Extracted entries =>
+-------+

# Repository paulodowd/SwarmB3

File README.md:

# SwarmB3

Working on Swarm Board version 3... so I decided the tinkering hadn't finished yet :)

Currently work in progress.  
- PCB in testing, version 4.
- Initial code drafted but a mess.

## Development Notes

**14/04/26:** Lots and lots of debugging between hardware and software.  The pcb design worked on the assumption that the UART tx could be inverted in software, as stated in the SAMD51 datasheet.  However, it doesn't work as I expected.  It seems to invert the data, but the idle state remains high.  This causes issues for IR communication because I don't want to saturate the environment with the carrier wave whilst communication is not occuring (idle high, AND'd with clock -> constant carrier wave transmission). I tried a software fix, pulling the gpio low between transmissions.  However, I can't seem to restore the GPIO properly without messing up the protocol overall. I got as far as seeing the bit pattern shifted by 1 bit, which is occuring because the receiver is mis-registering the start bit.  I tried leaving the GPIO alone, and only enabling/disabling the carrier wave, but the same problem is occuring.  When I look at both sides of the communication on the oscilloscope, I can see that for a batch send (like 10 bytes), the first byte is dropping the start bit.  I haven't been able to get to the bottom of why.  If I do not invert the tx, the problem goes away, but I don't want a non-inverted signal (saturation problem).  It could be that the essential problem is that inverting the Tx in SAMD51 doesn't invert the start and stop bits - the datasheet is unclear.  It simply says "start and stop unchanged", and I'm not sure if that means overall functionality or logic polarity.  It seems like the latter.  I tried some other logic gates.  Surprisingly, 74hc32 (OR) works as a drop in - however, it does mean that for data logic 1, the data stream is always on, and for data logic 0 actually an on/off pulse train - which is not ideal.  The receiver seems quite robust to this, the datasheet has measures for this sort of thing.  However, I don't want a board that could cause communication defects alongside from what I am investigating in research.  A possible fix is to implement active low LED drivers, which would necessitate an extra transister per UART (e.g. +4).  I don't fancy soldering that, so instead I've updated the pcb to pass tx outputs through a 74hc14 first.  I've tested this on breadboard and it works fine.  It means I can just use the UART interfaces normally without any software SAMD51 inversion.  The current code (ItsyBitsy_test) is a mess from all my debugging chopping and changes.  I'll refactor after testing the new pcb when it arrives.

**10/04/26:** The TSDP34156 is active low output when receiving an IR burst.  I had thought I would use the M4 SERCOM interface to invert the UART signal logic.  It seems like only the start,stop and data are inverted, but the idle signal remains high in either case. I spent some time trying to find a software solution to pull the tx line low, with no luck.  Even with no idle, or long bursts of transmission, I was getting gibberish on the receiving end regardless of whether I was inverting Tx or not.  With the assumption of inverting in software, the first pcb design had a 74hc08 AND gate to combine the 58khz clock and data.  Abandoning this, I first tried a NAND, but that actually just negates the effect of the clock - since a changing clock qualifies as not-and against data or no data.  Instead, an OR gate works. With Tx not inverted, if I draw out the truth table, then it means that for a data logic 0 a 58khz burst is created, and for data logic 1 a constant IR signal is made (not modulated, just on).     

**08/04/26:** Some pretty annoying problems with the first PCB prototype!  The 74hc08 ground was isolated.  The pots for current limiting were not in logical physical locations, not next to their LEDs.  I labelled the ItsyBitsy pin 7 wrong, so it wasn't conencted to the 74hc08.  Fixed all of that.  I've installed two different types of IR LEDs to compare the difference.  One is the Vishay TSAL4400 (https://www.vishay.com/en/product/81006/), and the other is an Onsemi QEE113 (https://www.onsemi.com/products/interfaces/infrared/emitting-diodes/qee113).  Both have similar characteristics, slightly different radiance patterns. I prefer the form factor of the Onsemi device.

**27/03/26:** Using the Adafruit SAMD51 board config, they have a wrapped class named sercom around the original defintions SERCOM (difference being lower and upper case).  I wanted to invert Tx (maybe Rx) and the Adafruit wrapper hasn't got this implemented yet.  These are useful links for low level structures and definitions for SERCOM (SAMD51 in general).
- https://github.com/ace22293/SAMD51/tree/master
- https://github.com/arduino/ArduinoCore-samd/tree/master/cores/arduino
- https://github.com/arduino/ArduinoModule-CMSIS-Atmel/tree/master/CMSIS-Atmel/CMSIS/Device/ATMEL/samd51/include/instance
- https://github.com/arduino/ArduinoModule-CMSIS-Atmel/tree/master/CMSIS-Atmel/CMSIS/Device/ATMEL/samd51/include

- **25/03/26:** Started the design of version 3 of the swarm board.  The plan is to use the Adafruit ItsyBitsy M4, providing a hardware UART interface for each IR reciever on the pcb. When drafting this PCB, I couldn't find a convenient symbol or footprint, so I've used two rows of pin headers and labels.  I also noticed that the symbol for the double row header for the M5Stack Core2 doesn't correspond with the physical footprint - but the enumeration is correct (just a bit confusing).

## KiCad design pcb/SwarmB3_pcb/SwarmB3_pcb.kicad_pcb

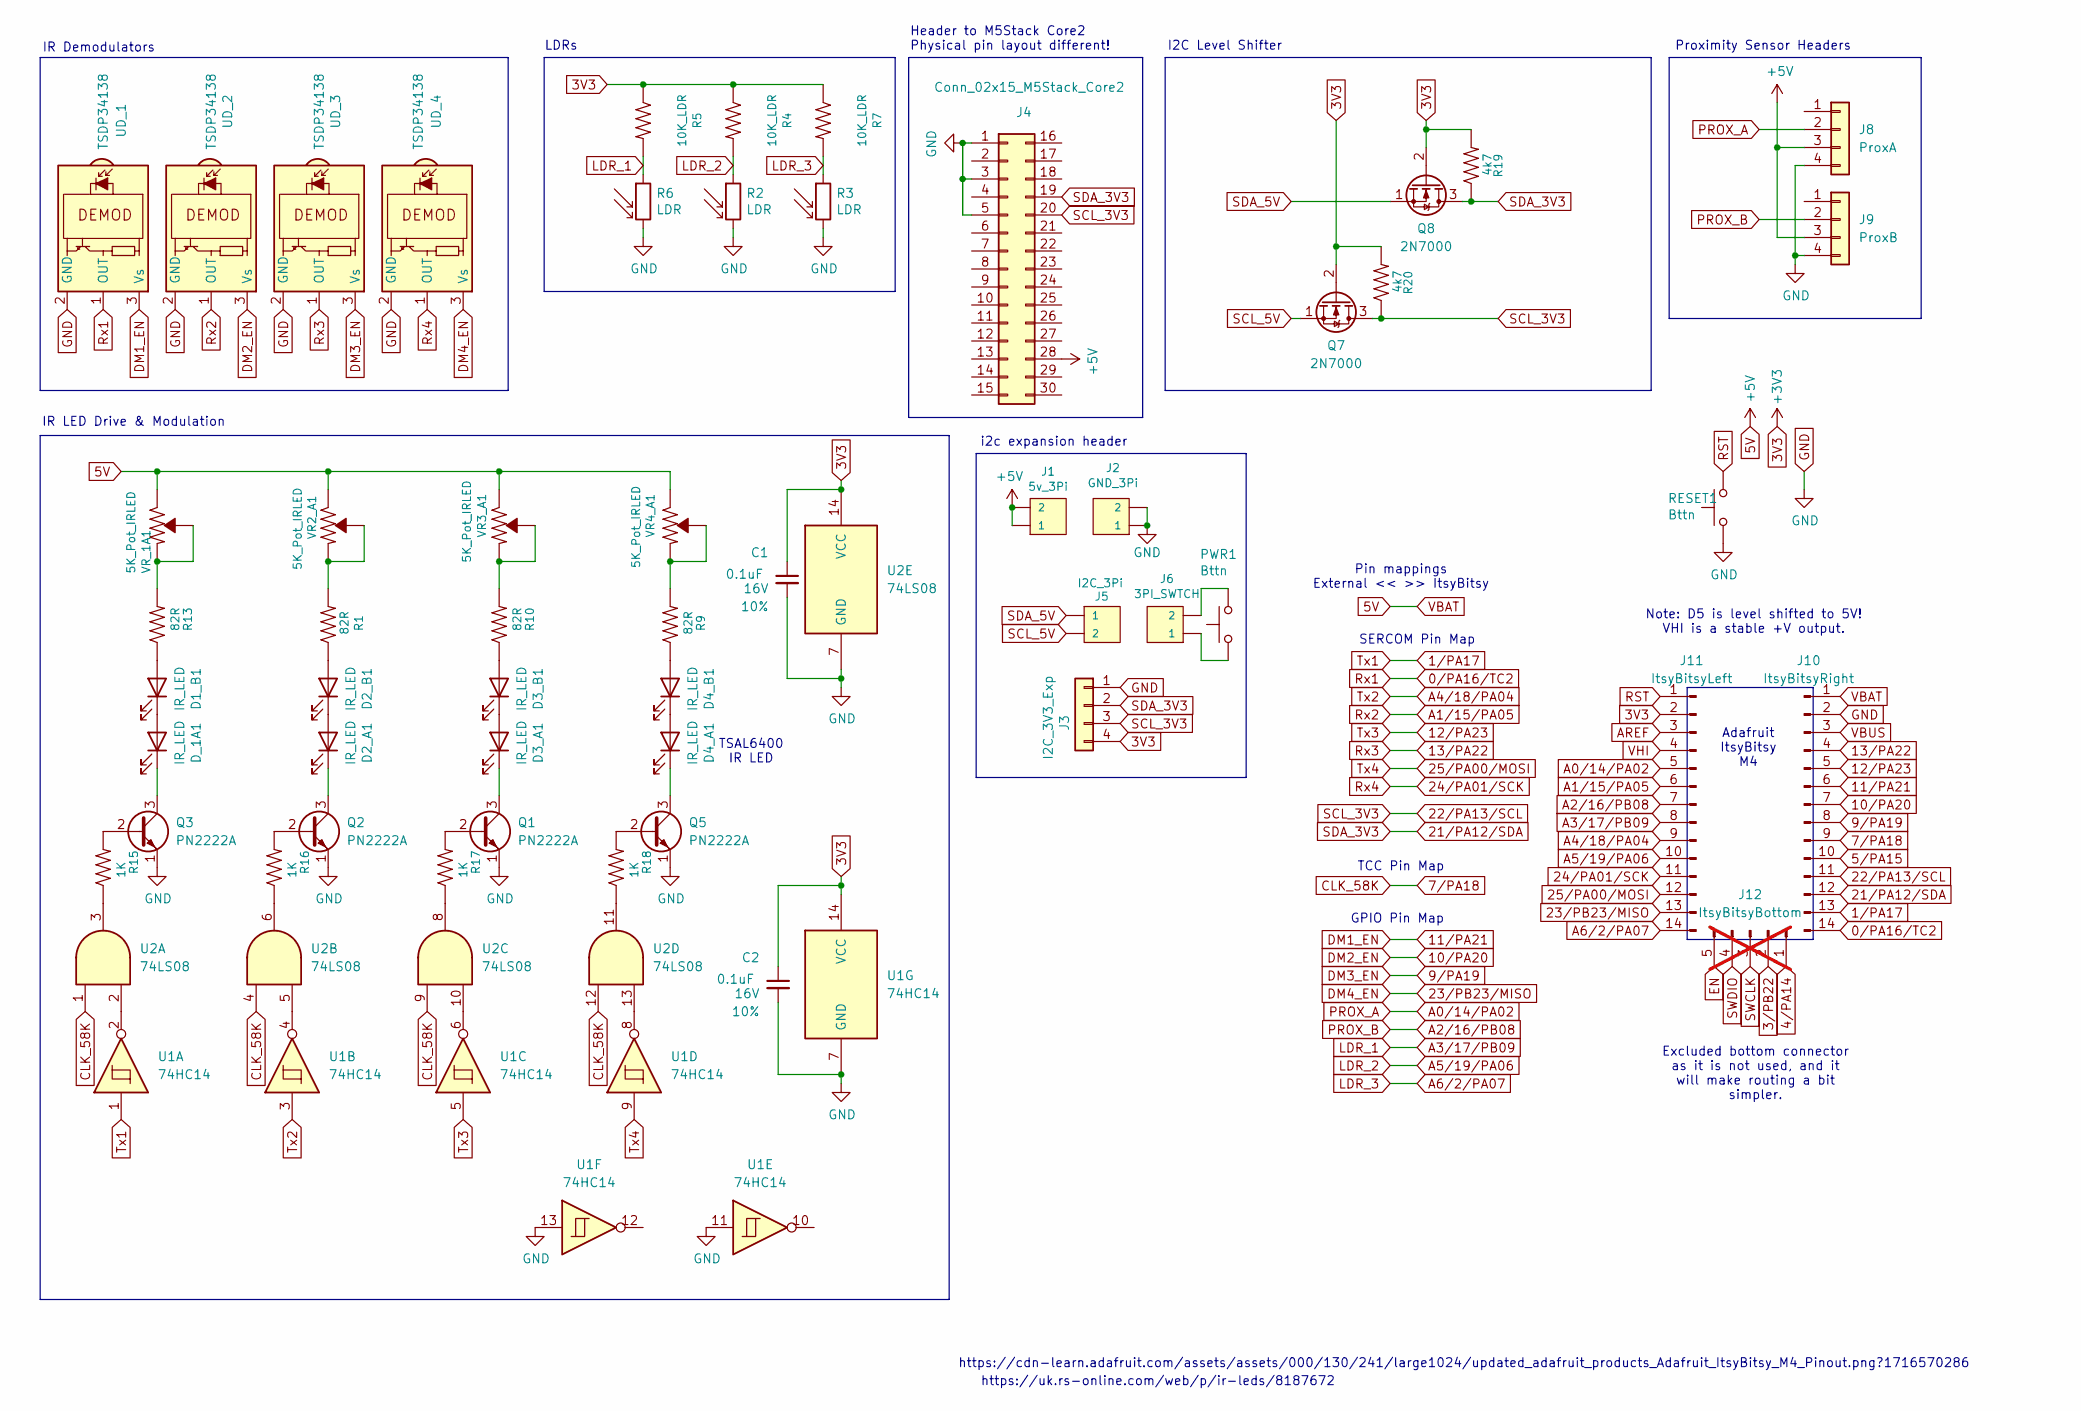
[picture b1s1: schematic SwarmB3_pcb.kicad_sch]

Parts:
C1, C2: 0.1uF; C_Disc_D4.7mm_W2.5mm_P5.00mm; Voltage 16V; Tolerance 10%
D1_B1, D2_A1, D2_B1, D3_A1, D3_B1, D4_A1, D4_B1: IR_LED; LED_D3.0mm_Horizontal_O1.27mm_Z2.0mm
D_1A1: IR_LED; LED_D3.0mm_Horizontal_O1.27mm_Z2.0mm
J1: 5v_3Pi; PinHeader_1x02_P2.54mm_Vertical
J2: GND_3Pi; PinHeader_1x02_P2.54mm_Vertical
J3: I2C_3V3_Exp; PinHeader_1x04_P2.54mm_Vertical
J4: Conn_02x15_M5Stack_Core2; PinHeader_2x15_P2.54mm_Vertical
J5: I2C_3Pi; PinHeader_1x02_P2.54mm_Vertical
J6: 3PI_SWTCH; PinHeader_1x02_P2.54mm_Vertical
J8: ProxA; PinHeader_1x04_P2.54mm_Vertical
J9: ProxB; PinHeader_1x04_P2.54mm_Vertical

+-------+

Task => What should come out is the exact run of lines from the one holding "J6: 3PI_SWTCH; PinHeader_1x02_P2.54mm_Vertical" through the end of the records above, and nothing besides.

Exercise output =>
J6: 3PI_SWTCH; PinHeader_1x02_P2.54mm_Vertical
J8: ProxA; PinHeader_1x04_P2.54mm_Vertical
J9: ProxB; PinHeader_1x04_P2.54mm_Vertical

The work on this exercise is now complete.